Future Directions in Genes and Genomes

In medicine, a major challenge is to unravel the genetic basis of common diseases, which at some stage during life may affect the majority of individuals in all populations. The Human Genome Project has produced the resources to tackle these multifactorial disorders such as cardiovascular disease, cancer, diabetes, bipolar disorder, asthma, multiple sclerosis, etc. These complex traits do not exhibit mendelian inheritance patterns often observed with single gene disorders such as cystic fibrosis. Instead, the action of several genes, each with a small effect and environmental influences, can be expected to modify the risk of disease. Various types of association studies are used in an attempt to define the genes that underlie the propensity for some individuals to develop such diseases. Population- and family-based association studies such as whole genome association studies and affected sib pair analysis make use of the gene maps, polymorphic marker resources and genometechnologies in the attempt to pinpoint small regions of chromosomes associated with the disease phenotype. Chromosomal regions showing positive association with disease can then be subjected to detailed analysis by efficient resequencing strategies1 and functional studies in the attempt to identify the causative mutations. As the genome becomes better understood, it is expected that more complex trait genes and mutations will be identified, leading to an improved understanding of molecular pathology and, it is hoped, new effective therapies.
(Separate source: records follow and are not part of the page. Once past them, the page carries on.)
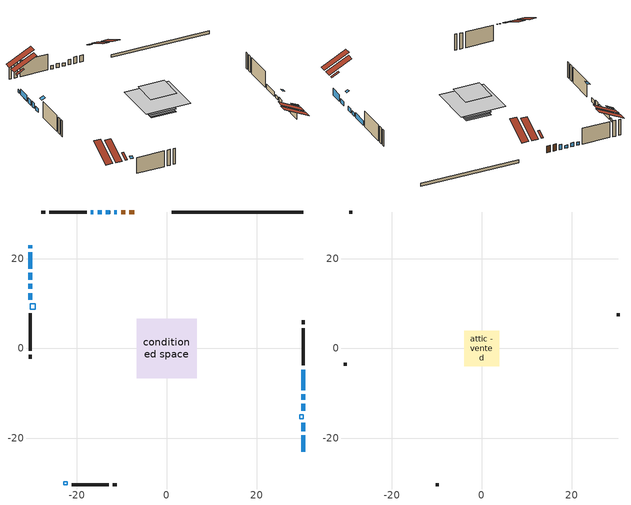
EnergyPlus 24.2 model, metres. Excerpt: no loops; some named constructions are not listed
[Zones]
conditioned space
 floor outside (Floor1 construction): -0.42,-0.42 -0.42,0.42 0.42,0.42 0.42,-0.42 z0.61
 floor outside (Floor2 construction): -0.43,-0.43 -0.43,0.43 0.43,0.43 0.43,-0.43 z0.61
 floor outside (Floor3 construction): -1.06,-1.06 -1.06,1.06 1.06,1.06 1.06,-1.06 z0.61
 floor adiabatic (Floor5 construction): -3.72,-3.72 -3.72,3.72 3.72,3.72 3.72,-3.72 z0.61
 floor adiabatic (AdiabaticFloorConstruction): -6.67,-6.67 -6.67,6.67 6.67,6.67 6.67,-6.67 z3.05
 floor foundation (Slab1 construction): -3.72,-3.72 -3.72,3.72 3.72,3.72 3.72,-3.72 z-0.3
 floor foundation (Slab2 construction): -3.58,-3.58 -3.58,3.58 3.58,3.58 3.58,-3.58 z0
 wall outside (AdiabaticWallConstruction 1): -7.22,30.36 -8.32,30.36 / -9.24,30.36 -10.16,30.36 z0.61:2.64
 wall outside (AdiabaticWallConstruction): -30.36,22.97 -30.36,22.35 / -12.62,30.36 -13.54,30.36 z0.61:1.53; 30.36,-22.97 30.36,-19.31 z0.61:2.64; 30.36,-18.38 30.36,-16.55 / -14.46,30.36 -15.38,30.36 / 30.36,-13.83 30.36,-12.3 z0.61:1.83; -30.36,21.42 -30.36,17.77 z0.61:2.34; -30.36,16.84 -30.36,15.31 / 30.36,-9.28 30.36,-4.71 z0.61:2.08; -30.36,14.38 -30.36,13.26 z0.61:2.29; -30.36,12.34 -30.36,10.86 z0.61:1.78; -11.08,30.36 -11.69,30.36 z0.61:2.14; -16.31,30.36 -16.92,30.36 z0.61:1.68; 30.36,-11.38 30.36,-10.21 z0.61:1.63
 wall outside (Wall1 construction): -17.85,30.36 -26.12,30.36 / -21.17,-30.36 -12.9,-30.36 / -30.36,7.79 -30.36,-0.49 / 30.36,-3.78 30.36,4.49 z0.61:5.49
 wall outside (Wall2 construction): -27.05,30.36 -27.88,30.36 / -11.97,-30.36 -11.14,-30.36 / -30.36,-1.42 -30.36,-2.24 / 30.36,5.42 30.36,6.25 z0.61:5.49
 wall foundation (FoundationWall1 construction): 30.36,30.36 1.1,30.36 z-0.3:0.61
 window (WindowConstruction 13): -30.36,22.96 -30.36,22.35 z0.61:1.52
 window (WindowConstruction 3): 30.36,-22.96 30.36,-19.31 z0.61:2.64
 window (WindowConstruction 4): 30.36,-18.38 30.36,-16.55 z0.61:1.83
 window (WindowConstruction 5): -30.36,21.42 -30.36,17.77 z0.61:2.34
 window (WindowConstruction 6): -30.36,16.84 -30.36,15.31 z0.61:2.08
 window (WindowConstruction 7): -30.36,14.38 -30.36,13.27 z0.61:2.29
 window (WindowConstruction 8): -30.36,12.34 -30.36,10.86 z0.61:1.78
 window (WindowConstruction 9): -11.08,30.36 -11.69,30.36 z0.61:2.13
 window (WindowConstruction 10): -12.62,30.36 -13.54,30.36 z0.61:1.52
 window (WindowConstruction 11): -14.47,30.36 -15.38,30.36 z0.61:1.83
 window (WindowConstruction 12): -16.31,30.36 -16.92,30.36 z0.61:1.68
 window (WindowConstruction): 30.36,-13.83 30.36,-12.31 z0.61:1.83
 window (WindowConstruction 1): 30.36,-11.38 30.36,-10.21 z0.61:1.62
 window (WindowConstruction 2): 30.36,-9.28 30.36,-4.71 z0.61:2.08
 door (Door): -7.23,30.36 -8.32,30.36 z0.61:2.64
 door (Door 1): -9.24,30.36 -10.15,30.36 z0.61:2.64
 ceiling adiabatic (AdiabaticFloorConstruction): 6.67,-6.67 6.67,6.67 -6.67,6.67 -6.67,-6.67 z3.05
 roof outside (Roof2 construction): -4.73,30.36,5.49 -4.73,23.55,8.89 -2.82,23.55,8.89 -2.82,30.36,5.49; -25.46,-30.36,5.49 -25.46,-23.55,8.89 -27.37,-23.55,8.89 -27.37,-30.36,5.49; -30.36,25.46,5.49 -23.55,25.46,8.89 -23.55,27.37,8.89 -30.36,27.37,5.49; 30.36,-25.46,5.49 23.55,-25.46,8.89 23.55,-27.37,8.89 30.36,-27.37,5.49
 roof outside (Roof3 construction): -6.3,30.36,5.49 -6.3,28.07,6.63 -5.66,28.07,6.63 -5.66,30.36,5.49; -23.89,-30.36,5.49 -23.89,-28.07,6.63 -24.53,-28.07,6.63 -24.53,-30.36,5.49; -30.36,23.89,5.49 -28.07,23.89,6.63 -28.07,24.53,6.63 -30.36,24.53,5.49; 30.36,-23.89,5.49 28.07,-23.89,6.63 28.07,-24.53,6.63 30.36,-24.53,5.49
 roof outside (AdiabaticRoofConstruction): -22.1,-30.36,5.49 -22.1,-29.59,5.87 -22.97,-29.59,5.87 -22.97,-30.36,5.49; -30.36,8.71,5.49 -29.27,8.71,6.03 -29.27,9.94,6.03 -30.36,9.94,5.49; 30.36,-14.76,5.49 29.59,-14.76,5.87 29.59,-15.62,5.87 30.36,-15.62,5.49
 skylight (SkylightConstruction): -22.1,-30.36,5.49 -22.1,-29.59,5.87 -22.96,-29.59,5.87 -22.96,-30.36,5.49
 skylight (SkylightConstruction 1): -30.36,8.72,5.49 -29.27,8.72,6.03 -29.27,9.93,6.03 -30.36,9.93,5.49
 skylight (SkylightConstruction 2): 30.36,-14.76,5.49 29.59,-14.76,5.87 29.59,-15.62,5.87 30.36,-15.62,5.49
attic - vented
 floor to conditioned space (Floor4 construction Reversed): -3.9,-3.9 -3.9,3.9 3.9,3.9 3.9,-3.9 z5.49
 wall outside (Wall3 construction): -28.81,30.36 -29.43,30.36 / -10.21,-30.36 -9.59,-30.36 / -30.36,-3.17 -30.36,-3.8 / 30.36,7.18 30.36,7.8 z0.61:5.49
 roof outside (Roof1 construction): -1.89,30.36,5.49 -1.89,22.97,9.18 0.17,22.97,9.18 0.17,30.36,5.49; -28.3,-30.36,5.49 -28.3,-22.97,9.18 -30.36,-22.97,9.18 -30.36,-30.36,5.49; -30.36,28.3,5.49 -22.97,28.3,9.18 -22.97,30.36,9.18 -30.36,30.36,5.49; 30.36,-28.3,5.49 22.97,-28.3,9.18 22.97,-30.36,9.18 30.36,-30.36,5.49
[Material] Roughness=Rough; Thermal Absorptance=0.9
Name | Thickness {m} | Conductivity {W/m-K} | Density {kg/m3} | Specific Heat {J/kg-K} | Solar Absorptance | Visible Absorptance
ceiling loosefill ins | 0.169333 | 0.0480833 | 16.02 | 1046.75 | 0.7 | 0.7
ceiling stud and cavity | 0.1397 | 0.137261 | 65.682 | 1177.47 | 0.7 | 0.7
gypsum board | 0.0127 | 0.160291 | 801 | 837.4 | 0.6 | 0.6
[Construction]
Floor4 construction: ceiling loosefill ins, ceiling stud and cavity, gypsum board
[EnergyManagementSystem:Program]
unmet_hours_program: Set htg_unmet_hours = 0; Set clg_unmet_hours = 0; Set unit_htg_unmet_hours = 0; If ((DayOfYear >= 1) && (DayOfYear <= 365)); Set unit_htg_unmet_hours = unit_htg_unmet_hours + conditioned_space_htg_unmet_s; If unit_htg_unmet_hours > htg_unmet_hours; Set htg_unmet_hours = unit_htg_unmet_hours; EndIf; EndIf
water_heater_EC_adj: If WarmupFlag == 0; Set dhw_e_cons = water_heater_energy + water_heater_on_cycle_parasitic + water_heater_off_cycle_parasitic; Set water_heater_ec_adj_act = 0.0 * dhw_e_cons / 1; EndIf
[EnergyManagementSystem:ProgramCallingManager]
component_loads_program_calling_manager: EndOfZoneTimestepAfterZoneReporting; component_loads_program
fridge_schedule_program_calling_manager: BeginZoneTimestepAfterInitHeatBalance; fridge_schedule_program
infil_program_calling_manager: BeginZoneTimestepAfterInitHeatBalance; infil_program
natural_vent_program_calling_manager: BeginZoneTimestepAfterInitHeatBalance; natural_vent_program
total_airflows_program_calling_manager: EndOfZoneTimestepAfterZoneReporting; total_airflows_program
total_loads_program_calling_manager: EndOfZoneTimestepAfterZoneReporting; total_loads_program
unit_heater_supply_fan_disaggregate_program_calling_manager: EndOfSystemTimestepBeforeHVACReporting; unit_heater_supply_fan_disaggregate_program
unmet_hours_program_calling_manager: EndOfZoneTimestepBeforeZoneReporting; unmet_hours_program
water_heater_EC_adj_ProgramManager: EndOfSystemTimestepBeforeHVACReporting; water_heater_EC_adj
[EnergyManagementSystem:OutputVariable] Type of Data in Variable=Summed
Name | EMS Variable | Update Frequency | EMS Program or Subroutine | Units
unit heater supply fan disaggregate htg primary | unit_heater_supply_fan_primary_htg | SystemTimestep | unit_heater_supply_fan_disaggregate_program | J
loads_htg_tot_peakload_outvar; loads_htg_tot_annual_outvar; Energy Management System Output Variable 1; Energy Management System Output Variable 45 | loads_htg_tot | ZoneTimestep | total_loads_program | J
loads_clg_tot_peakload_outvar; loads_clg_tot_annual_outvar; Energy Management System Output Variable 2; Energy Management System Output Variable 46 | loads_clg_tot | ZoneTimestep | total_loads_program | J
htg_unmet_hours_annual_outvar; Energy Management System Output Variable 3 | htg_unmet_hours | ZoneTimestep | unmet_hours_program | hr
clg_unmet_hours_annual_outvar; Energy Management System Output Variable 4 | clg_unmet_hours | ZoneTimestep | unmet_hours_program | hr
loads_htg_roofs_annual_outvar; Energy Management System Output Variable 5 | loads_htg_roofs | ZoneTimestep | component_loads_program | J
loads_htg_ceilings_annual_outvar; Energy Management System Output Variable 6 | loads_htg_ceilings | ZoneTimestep | component_loads_program | J
loads_htg_walls_annual_outvar; Energy Management System Output Variable 7 | loads_htg_walls | ZoneTimestep | component_loads_program | J
loads_htg_rim_joists_annual_outvar; Energy Management System Output Variable 8 | loads_htg_rim_joists | ZoneTimestep | component_loads_program | J
loads_htg_foundation_walls_annual_outvar; Energy Management System Output Variable 9 | loads_htg_foundation_walls | ZoneTimestep | component_loads_program | J
loads_htg_doors_annual_outvar; Energy Management System Output Variable 10 | loads_htg_doors | ZoneTimestep | component_loads_program | J
loads_htg_windows_conduction_annual_outvar; Energy Management System Output Variable 11 | loads_htg_windows_conduction | ZoneTimestep | component_loads_program | J
loads_htg_windows_solar_annual_outvar; Energy Management System Output Variable 12 | loads_htg_windows_solar | ZoneTimestep | component_loads_program | J
loads_htg_skylights_conduction_annual_outvar; Energy Management System Output Variable 13 | loads_htg_skylights_conduction | ZoneTimestep | component_loads_program | J
loads_htg_skylights_solar_annual_outvar; Energy Management System Output Variable 14 | loads_htg_skylights_solar | ZoneTimestep | component_loads_program | J
loads_htg_floors_annual_outvar; Energy Management System Output Variable 15 | loads_htg_floors | ZoneTimestep | component_loads_program | J
loads_htg_slabs_annual_outvar; Energy Management System Output Variable 16 | loads_htg_slabs | ZoneTimestep | component_loads_program | J
loads_htg_internal_mass_annual_outvar; Energy Management System Output Variable 17 | loads_htg_internal_mass | ZoneTimestep | component_loads_program | J
loads_htg_infil_annual_outvar; Energy Management System Output Variable 18 | loads_htg_infil | ZoneTimestep | component_loads_program | J
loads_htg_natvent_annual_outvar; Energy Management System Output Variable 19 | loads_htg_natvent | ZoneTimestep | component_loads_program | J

Interestingly, except for a few promising cases,106 the optimistic predictions for gene therapy that were made more than 20 years ago have not yet been fulfilled. Understanding the expression patterns of transcription of disease predisposing genes (from microarray data, for example) seems to offer more potential for therapeutic developments.
For instance, there have been considerable advances in the field of RNA silencing or transcriptional inactivation, which fosters the belief that small interfering RNA (siRNA) molecules could one day have a therapeutic role in common diseases, including cancers, by ‘switching off’ deleterious gene expression.
The genome projects and gene analysis in other species can be expected to produce enormous scientific and economic benefits. The information from the genome projects of model organisms such as mouse, fruit fly, yeast and the nematode worm has been integrated with the human data to provide insights into evolution, refining maps, etc.
Animal and plant genome projects are of great importance to agriculture and biotechnology. Transgenesis or genetic modification (GM) of food organisms, both plant and animal, is likely to grow in importance, particularly as world food supplies become more stretched. Genetically modified crops, principally corn, soybean, rapeseed and cotton, have already been produced with a range of GM characters such as herbicide resistance, insect resistance, virus resistance, delayed fruit ripening
(tomato), altered oil content, etc. In the next decades, transgenic animals that produce increased yields of meat, improved health, disease resistance, optimised fat content and ability to thrive in different environments could be produced. Transgenics also holds great promise for the low-cost production of pharmaceuticals such as therapeutic proteins expressed in milk and plants. The growing effort of genome sequencing and gene discovery promises to overcome the previously encumbering difficulties associated with locating genes for species improvement, new antibiotic targets, etc. However, before implementation of these new GM strategies can occur, a full risk assessment is necessary to understand the possible impacts on human health and the environment.